Asırlar Öncesinde Dört Kıtaya İlimle İrfanla Edeple Merhameti Götüren Neslimiz
Asırlar öncesinde dört kıtaya ilimle irfanla edeple merhameti götüren neslimiz ecdadımız, bu güzelliklerle gönüllere girerek insanlığa mutluluk ve saadeti götürerek hüküm etmiş, nesli bu şekilde yetiştirmiştir. Bir ilim irfan edep medeniyeti olan İslamiyet, ilimle donanmış nesillerin katkısıyla dört kıtaya yayılmış, tüm insanlığı kucaklayarak sadece mutlulukları için gece gündüz çalışmış ömürlerini seferlerle at üstünde, zalimleri yok etmek, bir daha zalimlik yapmamaları için gereken dersi vererek yeryüzünde silmek için çalışmış çabalamışlardır. Asırlarca insanlığa ışık olmuş medeniyetimiz, batı hayranlarının bu imparatorluğu yıkmak için içten ve dıştan akınlarıyla yıkmış, insanlık yalnız mutsuz ilimsiz irfansız kalmıştır. Köklü ilmin koruyucusu olan ilim sahiplerini ve âlimleri yeryüzünde yok etmek için türlü oyunlarla, hilelerle hapislere atarak idam ederek, yok etmek için gereken ne ise yapmışlardır. Bu âlimlerle ilimlerle çağları aşarak yeniden inşa etme dönemi maalesef sona ermiştir.

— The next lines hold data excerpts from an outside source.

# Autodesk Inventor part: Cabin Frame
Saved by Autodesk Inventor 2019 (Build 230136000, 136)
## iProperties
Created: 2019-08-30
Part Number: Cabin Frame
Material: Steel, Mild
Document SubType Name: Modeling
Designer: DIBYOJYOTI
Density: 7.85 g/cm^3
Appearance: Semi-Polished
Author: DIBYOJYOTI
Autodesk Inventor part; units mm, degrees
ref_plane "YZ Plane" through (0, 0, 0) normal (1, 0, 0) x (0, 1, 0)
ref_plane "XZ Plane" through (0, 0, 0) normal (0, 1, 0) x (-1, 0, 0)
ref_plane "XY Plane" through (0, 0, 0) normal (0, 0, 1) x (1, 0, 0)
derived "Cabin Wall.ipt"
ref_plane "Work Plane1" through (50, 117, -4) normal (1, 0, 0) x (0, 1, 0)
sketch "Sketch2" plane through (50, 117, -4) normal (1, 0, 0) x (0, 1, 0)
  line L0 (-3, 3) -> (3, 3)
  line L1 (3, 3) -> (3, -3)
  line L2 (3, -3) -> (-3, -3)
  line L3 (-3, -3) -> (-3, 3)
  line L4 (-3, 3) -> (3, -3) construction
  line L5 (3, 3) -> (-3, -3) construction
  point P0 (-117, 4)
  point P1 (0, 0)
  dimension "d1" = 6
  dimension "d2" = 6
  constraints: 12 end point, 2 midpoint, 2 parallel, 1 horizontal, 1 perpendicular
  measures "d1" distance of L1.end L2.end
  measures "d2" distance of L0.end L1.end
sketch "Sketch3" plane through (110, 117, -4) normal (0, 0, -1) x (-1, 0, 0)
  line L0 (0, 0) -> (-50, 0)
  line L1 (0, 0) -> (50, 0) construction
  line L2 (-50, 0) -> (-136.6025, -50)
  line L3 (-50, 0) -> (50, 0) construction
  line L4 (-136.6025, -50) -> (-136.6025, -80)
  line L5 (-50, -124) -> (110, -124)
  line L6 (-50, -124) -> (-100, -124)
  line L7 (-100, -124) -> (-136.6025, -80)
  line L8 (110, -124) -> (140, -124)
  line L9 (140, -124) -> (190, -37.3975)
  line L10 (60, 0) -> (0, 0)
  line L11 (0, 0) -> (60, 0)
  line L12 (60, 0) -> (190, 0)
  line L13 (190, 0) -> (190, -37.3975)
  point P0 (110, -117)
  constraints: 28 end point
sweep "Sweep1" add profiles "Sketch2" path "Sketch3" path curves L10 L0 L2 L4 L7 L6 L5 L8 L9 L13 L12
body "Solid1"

Günümüzde hala bu yaramız kanarken, insanlık zulüm altında batı zalimlerince zulüm görmekte ve hor görülmektedir. Duyarsız kalan batı ve onun uşakları her ne kadar uğraşsa da yeniden dirilişin önüne geçemeyeceklerdir. O yok olan medeniyetimizi yeniden gönüllere ilim irfan edep imanla inşa ederek bu zalimleri yeniden yeryüzünde, Âlemlerin Rabbi Allah C.C. yardımıyla inşa edeceğiz. İnsanlığı yeniden yeryüzünde yaşayan ve bakışı gülüşü ile yeniden yorumlayarak, yumuşak dokunuşuyla gönüllere dokunması için gece gündüz mücadele edeceğiz, zalimler bilsinler ki bu defa işleri çok zor ve başaramayacaklardır. Yeniden kaybettiğimizi sananların suratlarına ilmi irfanı edebi çarparak, insan olmak ne demekmiş öğreterek, yerin binlerce metre altına gömerek, yeniden insanı güldürerek mutlu ederek dünyayı inşa edeceğiz.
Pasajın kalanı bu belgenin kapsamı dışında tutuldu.